I think the tank looks good. Shrimp are very vulnerable for the first day or two after they molt and will often stay hidden. Sorry I forgot to mention that in my first post.


----------



## Unicorn fish (Feb 19, 2016)

It's fine and I just can't stop thinking about this because I was looking around the tank trying to find him, and I just don't know where he could of gone. If it was my betta who ate him, I don't see him just stuffing it into his mouth I think he would leave remains(could be wrong). And I have yet to find remains or even any signs of the shrimp. I guess you could say this gives me anxiety. Also if I do end up getting more shrimp they might be red cherry, would he still colonize with them?
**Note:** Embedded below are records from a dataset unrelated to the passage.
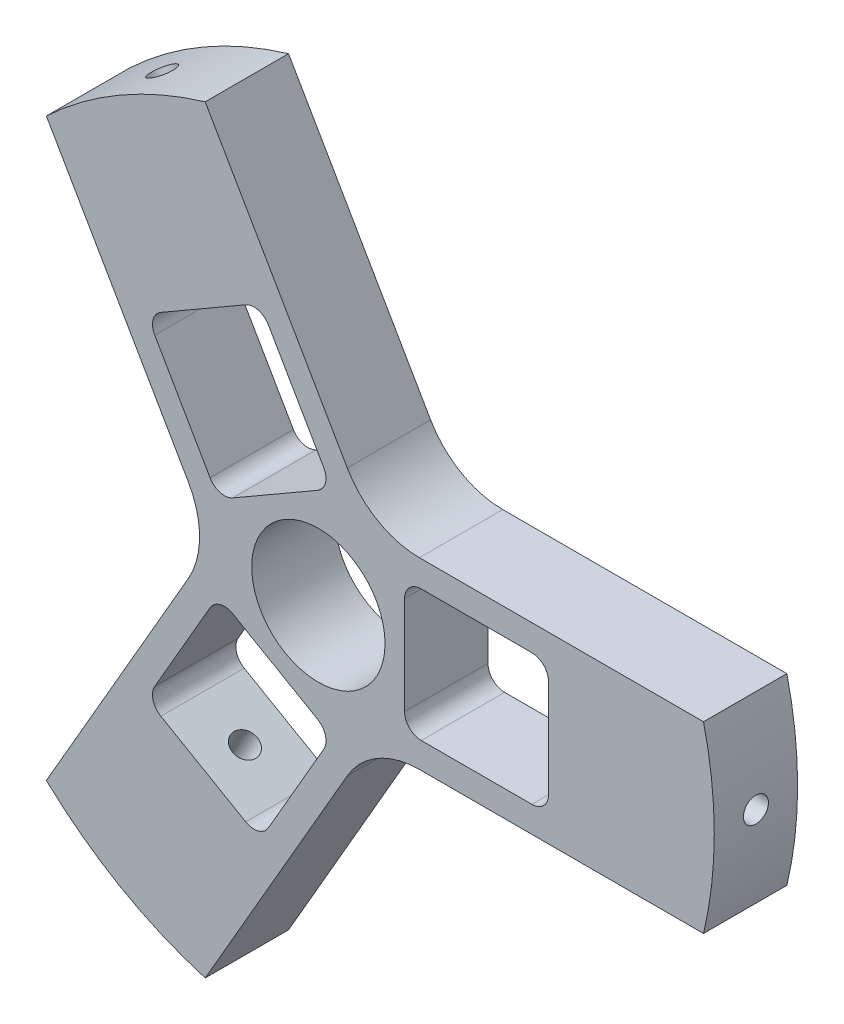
ISO-10303-21;
HEADER;
FILE_DESCRIPTION(('STEP AP214'),'2;1');
FILE_NAME('part.step','',(''),(''),'','','');
FILE_SCHEMA(('AUTOMOTIVE_DESIGN { 1 0 10303 214 1 1 1 1 }'));
ENDSEC;
DATA;
#1=APPLICATION_CONTEXT('core data for automotive mechanical design processes');
#2=APPLICATION_PROTOCOL_DEFINITION('international standard','automotive_design',2000,#1);
#3=PRODUCT_CONTEXT('',#1,'mechanical');
#4=PRODUCT('Part','Part','',(#3));
#5=PRODUCT_RELATED_PRODUCT_CATEGORY('part','',(#4));
#6=PRODUCT_DEFINITION_FORMATION('','',#4);
#7=PRODUCT_DEFINITION_CONTEXT('part definition',#1,'design');
#8=PRODUCT_DEFINITION('design','',#6,#7);
#9=PRODUCT_DEFINITION_SHAPE('','',#8);
#10=(LENGTH_UNIT() NAMED_UNIT(*) SI_UNIT(.MILLI.,.METRE.));
#11=(NAMED_UNIT(*) PLANE_ANGLE_UNIT() SI_UNIT($,.RADIAN.));
#12=(NAMED_UNIT(*) SI_UNIT($,.STERADIAN.) SOLID_ANGLE_UNIT());
#13=UNCERTAINTY_MEASURE_WITH_UNIT(LENGTH_MEASURE(1.E-05),#10,'distance_accuracy_value','');
#14=(GEOMETRIC_REPRESENTATION_CONTEXT(3) GLOBAL_UNCERTAINTY_ASSIGNED_CONTEXT((#13)) GLOBAL_UNIT_ASSIGNED_CONTEXT((#10,
#11,#12)) REPRESENTATION_CONTEXT('',''));
#15=CARTESIAN_POINT('',(0.,0.,0.));
#16=DIRECTION('',(0.,0.,1.));
#17=DIRECTION('',(1.,0.,0.));
#18=AXIS2_PLACEMENT_3D('',#15,#16,#17);
#19=CARTESIAN_POINT('',(0.,0.,10.));
#20=DIRECTION('',(0.,0.,-1.));
#21=DIRECTION('',(-1.,0.,0.));
#22=AXIS2_PLACEMENT_3D('',#19,#20,#21);
#23=CYLINDRICAL_SURFACE('',#22,47.5);
#24=CARTESIAN_POINT('',(0.,0.,0.));
#25=DIRECTION('',(0.,0.,1.));
#26=DIRECTION('',(-0.499999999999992,0.866025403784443,0.));
#27=AXIS2_PLACEMENT_3D('',#24,#25,#26);
#28=CIRCLE('',#27,47.5);
#29=CARTESIAN_POINT('',(-13.5781032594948,45.5179647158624,0.));
#30=VERTEX_POINT('',#29);
#31=CARTESIAN_POINT('',(-32.6306621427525,34.5179647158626,0.));
#32=VERTEX_POINT('',#31);
#33=EDGE_CURVE('E477',#30,#32,#28,.T.);
#34=ORIENTED_EDGE('',*,*,#33,.T.);
#35=DIRECTION('',(0.,0.,-1.));
#36=VECTOR('',#35,1.);
#37=CARTESIAN_POINT('',(-32.6306621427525,34.5179647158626,10.));
#38=LINE('',#37,#36);
#39=CARTESIAN_POINT('',(-32.6306621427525,34.5179647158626,10.));
#40=VERTEX_POINT('',#39);
#41=EDGE_CURVE('E474',#40,#32,#38,.T.);
#42=ORIENTED_EDGE('',*,*,#41,.F.);
#43=CARTESIAN_POINT('',(0.,0.,10.));
#44=DIRECTION('',(0.,0.,1.));
#45=DIRECTION('',(-0.499999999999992,0.866025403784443,0.));
#46=AXIS2_PLACEMENT_3D('',#43,#44,#45);
#47=CIRCLE('',#46,47.5);
#48=CARTESIAN_POINT('',(-13.5781032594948,45.5179647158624,10.));
#49=VERTEX_POINT('',#48);
#50=EDGE_CURVE('E468',#49,#40,#47,.T.);
#51=ORIENTED_EDGE('',*,*,#50,.F.);
#52=DIRECTION('',(0.,0.,-1.));
#53=VECTOR('',#52,1.);
#54=CARTESIAN_POINT('',(-13.5781032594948,45.5179647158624,10.));
#55=LINE('',#54,#53);
#56=EDGE_CURVE('E483',#49,#30,#55,.T.);
#57=ORIENTED_EDGE('',*,*,#56,.T.);
#58=EDGE_LOOP('',(#34,#42,#51,#57));
#59=FACE_BOUND('',#58,.T.);
#60=CARTESIAN_POINT('',(-22.4391168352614,41.8656904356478,5.));
#61=CARTESIAN_POINT('',(-22.4391202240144,41.8656888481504,4.91576688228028));
#62=CARTESIAN_POINT('',(-22.4453953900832,41.8623271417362,4.83147322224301));
#63=CARTESIAN_POINT('',(-22.4703311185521,41.8489475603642,4.66520893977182));
#64=CARTESIAN_POINT('',(-22.4890064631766,41.8389217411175,4.58324121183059));
#65=CARTESIAN_POINT('',(-22.5381813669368,41.8124521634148,4.42406150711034));
#66=CARTESIAN_POINT('',(-22.5686751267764,41.7960115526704,4.34684721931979));
#67=CARTESIAN_POINT('',(-22.6405703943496,41.7571099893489,4.19934927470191));
#68=CARTESIAN_POINT('',(-22.6819692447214,41.7346505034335,4.12906393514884));
#69=CARTESIAN_POINT('',(-22.7744705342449,41.6842447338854,3.99736300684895));
#70=CARTESIAN_POINT('',(-22.8255770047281,41.6562961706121,3.93595112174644));
#71=CARTESIAN_POINT('',(-22.9359786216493,41.5956108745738,3.82377156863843));
#72=CARTESIAN_POINT('',(-22.9952740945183,41.5628739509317,3.77300432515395));
#73=CARTESIAN_POINT('',(-23.1203284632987,41.493439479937,3.68354882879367));
#74=CARTESIAN_POINT('',(-23.1860885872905,41.4567411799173,3.64486287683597));
#75=CARTESIAN_POINT('',(-23.3221502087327,41.3803502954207,3.58068306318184));
#76=CARTESIAN_POINT('',(-23.3924516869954,41.3406577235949,3.55518914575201));
#77=CARTESIAN_POINT('',(-23.5355427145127,41.2593625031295,3.51812526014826));
#78=CARTESIAN_POINT('',(-23.6083314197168,41.21776050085,3.50655061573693));
#79=CARTESIAN_POINT('',(-23.7543361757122,41.1337890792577,3.49763942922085));
#80=CARTESIAN_POINT('',(-23.8275522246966,41.0914196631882,3.50030282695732));
#81=CARTESIAN_POINT('',(-23.9723095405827,41.0071382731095,3.51978817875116));
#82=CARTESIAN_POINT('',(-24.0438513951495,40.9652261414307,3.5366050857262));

I feel like I read he was a variation to the species


----------



## RussellTheShihTzu (Mar 19, 2013)

Yes, they will group together as they are both Neos. They will interbreed, too. So you might get the occasional Red Rili. I wouldn't worry. As I said, it's not unusual for them to stay scarce after they molt. Sometimes I didn't see Larry, my Vampire Shrimp, for a couple of weeks or more and then, out he'd pop. My tanks are heavily-planted, too. Great for shrimp but not viewing....or finding. ;-)


----------



## Unicorn fish (Feb 19, 2016)

Phew thanks for the advice I think I won't have a major freak out now! Final question, do you think I can take my betta off the list for his disappearance or is there still a pretty good possibility that he got a little hungry


----------



## RussellTheShihTzu (Mar 19, 2013)

Betta seldom can catch and eat a healthy shrimp...I've watched them try and those shrimp are quick little buggers! Many of the shrimp I've lost have died because of my own stupidity which left them compromised and easy prey.

Give your shrimp some time. Like I said, Larry would be invisible for weeks at a time and he was 3"-4" long!


----------



## Unicorn fish (Feb 19, 2016)

I spoke too soon because I just saw him this afternoon!! He is such a cute little guy


----------